Hmmm... I've never heard of it. Then again, I don't know a whole lot about what's on prime time TV these days. When I watch TV at all, it's rarely earlier than 10 or 11.


----------



## Daniel (Apr 11, 2010)

The Big Bang Theory gets bigger in Canada - thestar.com


----------



## David Baxter PhD (Apr 11, 2010)

I wasn't disputing your statement, Daniel. I only know about programs my sons watch or sometimes a client may talk about a favorite show, but my TV fare is more likely to be _Seinfeld_ reruns or _The Simpsons_, _South Park_, or _Family Guy_ late at night when I'm too tired to do anything else. I really have no idea what people watch in prime time or even what choices there are.


----------



## Murray (Apr 11, 2010)

Thanks for posting that clip. This is one of my favorite shows. It always makes me laugh out loud.


----------



## Daniel (Apr 11, 2010)

YouTube - The Big Bang Theory - The Friendship Algorithm


----------



## Banned (Apr 11, 2010)

I have to admit I've never heard of this show, but enjoyed the clips.


----------



## Andy (Apr 11, 2010)

I love Sheldon. I wonder if the actor that plays him has to do a lot of retakes when he goes off on one of his tangents.
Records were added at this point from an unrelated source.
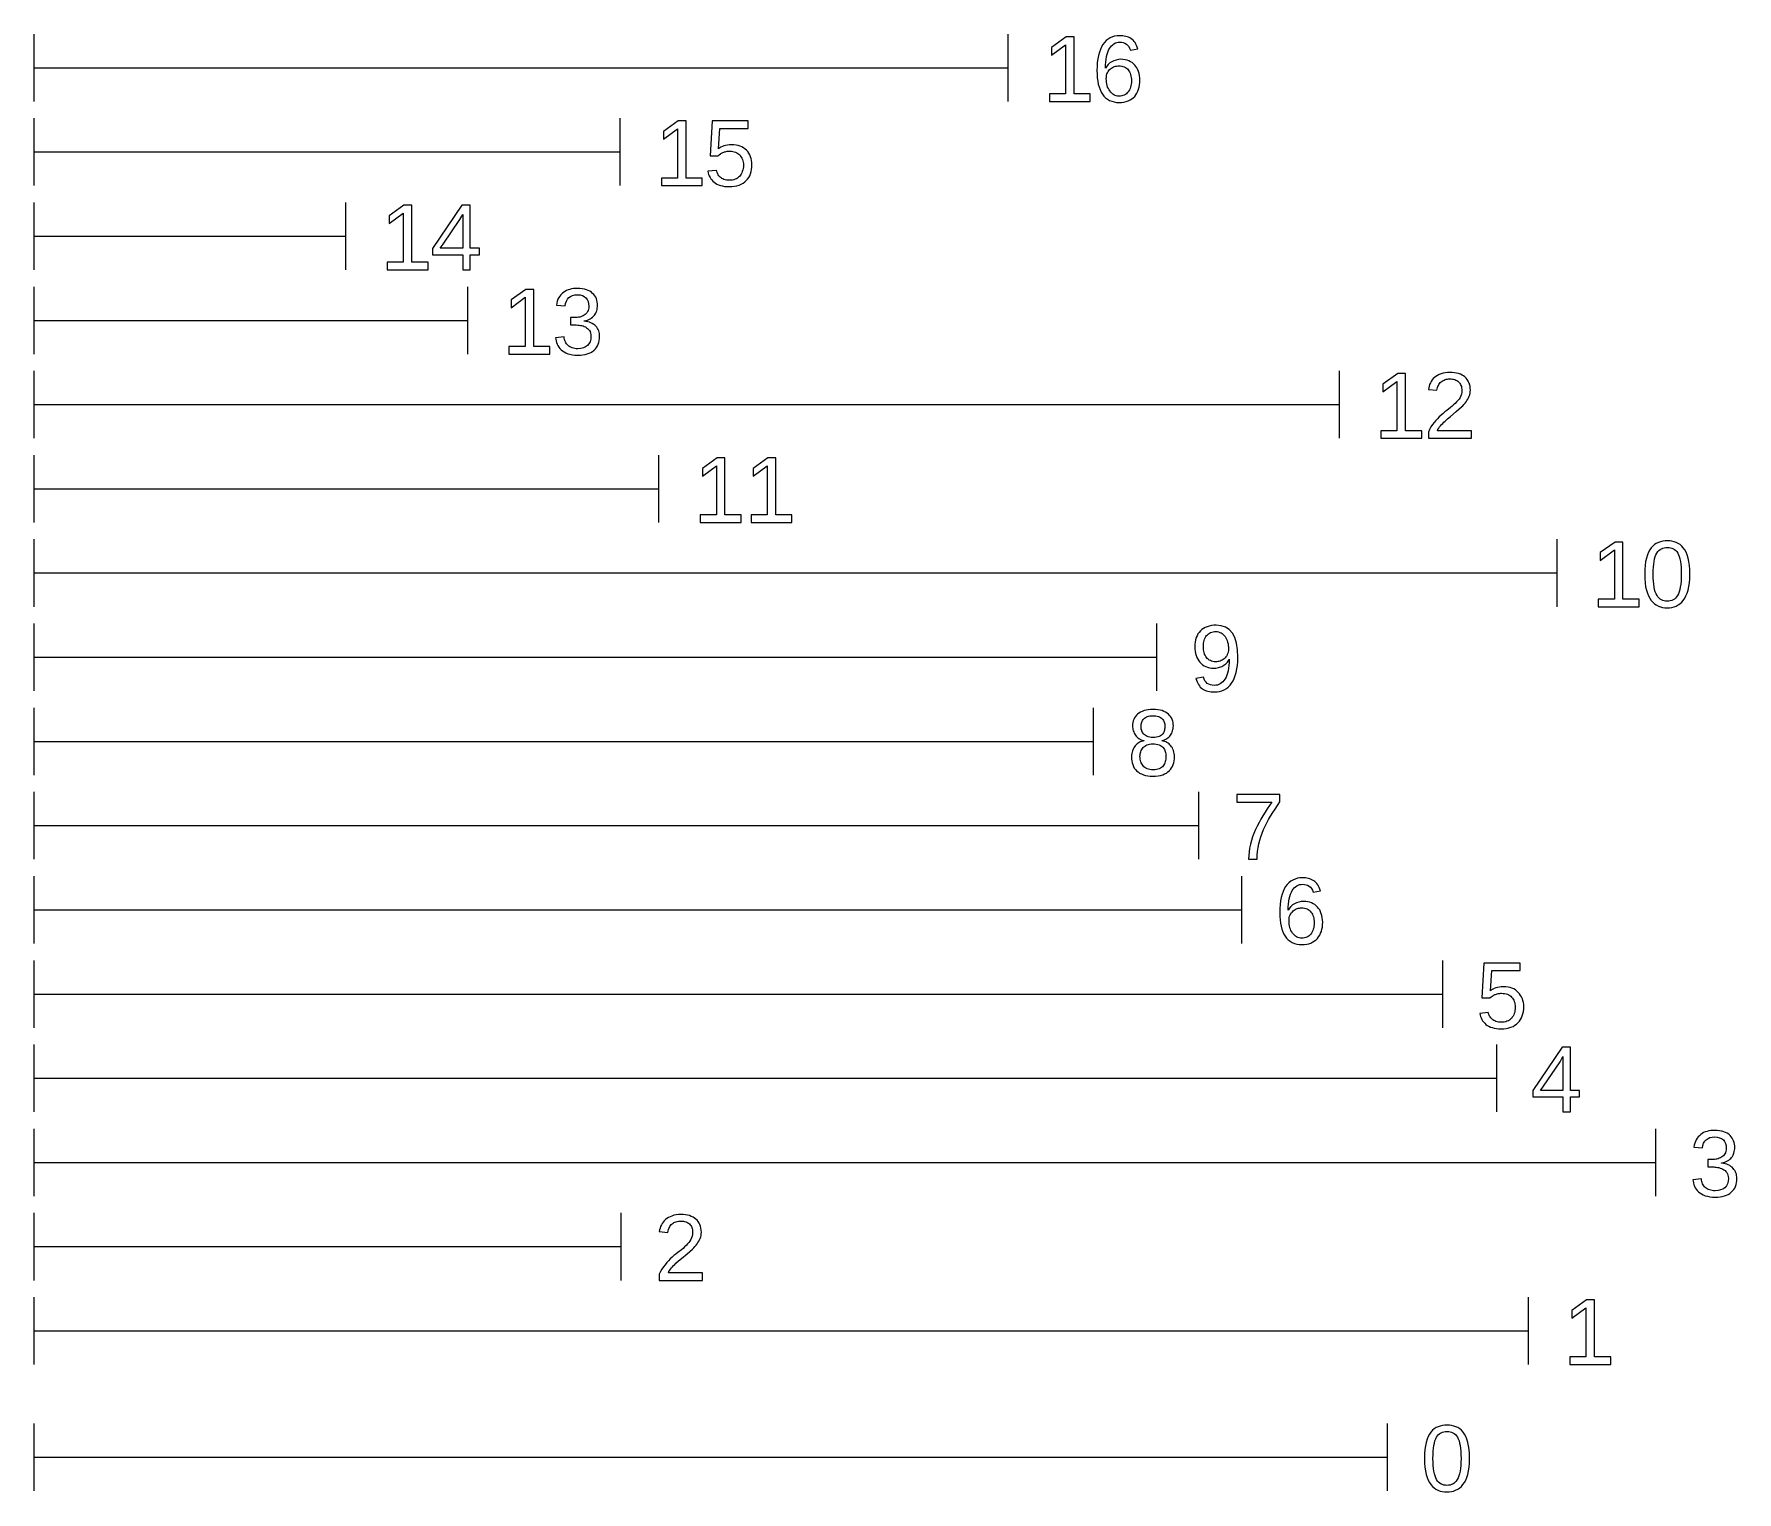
# Model space of a CAD drawing. Header units: millimetres. Extents: x 0 to 101, y -2 to 84.
import ezdxf

# ---------------------------------------------------------------- set-up
doc = ezdxf.new("R2010")
doc.units = ezdxf.units.MM
for name, color, linetype in [('layer_234', 7, 'Continuous'), ('layer_236', 7, 'Continuous'), ('layer_238', 7, 'Continuous'), ('layer_240', 7, 'Continuous'), ('layer_242', 7, 'Continuous'), ('layer_244', 7, 'Continuous'), ('layer_246', 7, 'Continuous'), ('layer_248', 7, 'Continuous'), ('layer_250', 7, 'Continuous'), ('layer_252', 7, 'Continuous'), ('layer_254', 7, 'Continuous'), ('layer_256', 7, 'Continuous'), ('layer_258', 7, 'Continuous'), ('layer_260', 7, 'Continuous'), ('layer_262', 7, 'Continuous'), ('layer_264', 7, 'Continuous'), ('layer_266', 7, 'Continuous')]:
    doc.layers.add(name, color=color, linetype=linetype)

msp = doc.modelspace()

# ---------------------------------------------------------------- linework, layer by layer
at = {"layer": 'layer_234'}
for points in [[(0, -2), (0, 2)], [(80.39, -2), (80.39, 2)], [(84.06, -2.06), (84.19, -2.04), (84.32, -2.01), (84.44, -1.96), (84.56, -1.9), (84.68, -1.83), (84.78, -1.74), (84.87, -1.63), (84.96, -1.5), (85.04, -1.36), (85.11, -1.2), (85.16, -1.02), (85.21, -0.81), (85.24, -0.59), (85.26, -0.35), (85.27, -0.08), (85.26, 0.2), (85.24, 0.45), (85.21, 0.68), (85.16, 0.88), (85.11, 1.07), (85.04, 1.23), (84.96, 1.37), (84.88, 1.49), (84.78, 1.6), (84.68, 1.69), (84.57, 1.76), (84.45, 1.81), (84.33, 1.85), (84.2, 1.88), (84.07, 1.9), (83.93, 1.9), (83.79, 1.9), (83.65, 1.88), (83.52, 1.85), (83.4, 1.81), (83.28, 1.76), (83.17, 1.69), (83.06, 1.6), (82.97, 1.49), (82.88, 1.37), (82.81, 1.23), (82.74, 1.07), (82.68, 0.88), (82.64, 0.68), (82.61, 0.45), (82.59, 0.2), (82.58, -0.08), (82.59, -0.35), (82.61, -0.59), (82.64, -0.82), (82.68, -1.02), (82.74, -1.2), (82.81, -1.36), (82.88, -1.5), (82.97, -1.63), (83.06, -1.74), (83.16, -1.83), (83.27, -1.9), (83.39, -1.96), (83.52, -2.01), (83.64, -2.04), (83.78, -2.06), (83.92, -2.06), (84.06, -2.06)], [(83.83, -1.67), (83.74, -1.66), (83.65, -1.63), (83.57, -1.6), (83.5, -1.55), (83.43, -1.49), (83.37, -1.42), (83.31, -1.33), (83.26, -1.23), (83.22, -1.11), (83.18, -0.98), (83.15, -0.84), (83.12, -0.67), (83.11, -0.49), (83.1, -0.3), (83.09, -0.08), (83.1, 0.14), (83.11, 0.34), (83.12, 0.53), (83.15, 0.69), (83.18, 0.84), (83.21, 0.97), (83.26, 1.08), (83.31, 1.18), (83.36, 1.27), (83.43, 1.34), (83.5, 1.4), (83.57, 1.44), (83.65, 1.48), (83.74, 1.5), (83.84, 1.52), (83.94, 1.52), (84.03, 1.52), (84.12, 1.5), (84.2, 1.48), (84.28, 1.44), (84.36, 1.4), (84.43, 1.34), (84.49, 1.27), (84.54, 1.18), (84.59, 1.08), (84.64, 0.97), (84.67, 0.84), (84.7, 0.69), (84.73, 0.53), (84.74, 0.34), (84.75, 0.14), (84.76, -0.08), (84.75, -0.3), (84.74, -0.49), (84.72, -0.67), (84.7, -0.84), (84.67, -0.98), (84.63, -1.11), (84.58, -1.23), (84.53, -1.33), (84.48, -1.42), (84.41, -1.49), (84.35, -1.55), (84.27, -1.6), (84.19, -1.63), (84.11, -1.66), (84.02, -1.67), (83.92, -1.68), (83.83, -1.67)], [(0, 0), (80.39, 0)]]:
    msp.add_lwpolyline(points, dxfattribs=at)
at = {"layer": 'layer_236'}
for points in [[(0, 5.5), (0, 9.5)], [(88.77, 5.5), (88.77, 9.5)], [(93.65, 5.95), (92.69, 5.95), (92.69, 9.34), (92.22, 9.34), (91.34, 8.71), (91.34, 8.25), (92.18, 8.87), (92.18, 5.95), (91.22, 5.95), (91.22, 5.5), (93.65, 5.5), (93.65, 5.95)], [(0, 7.5), (88.77, 7.5)]]:
    msp.add_lwpolyline(points, dxfattribs=at)
at = {"layer": 'layer_238'}
for points in [[(0, 10.5), (0, 14.5)], [(34.88, 10.5), (34.88, 14.5)], [(39.7, 10.95), (37.68, 10.95), (37.71, 11.02), (37.76, 11.1), (37.81, 11.17), (37.86, 11.24), (37.92, 11.31), (37.99, 11.38), (38.06, 11.45), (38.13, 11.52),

I would think it would be hard to remember all that.


----------



## busybee (Apr 11, 2010)

Well in OZ this would have to be a favourite program too.  It is one of those sitcoms that the whole family actually stopped together for to share some laugh time if we were at home at the same time. Its awkward and a giggle.  Thanks for posting.


----------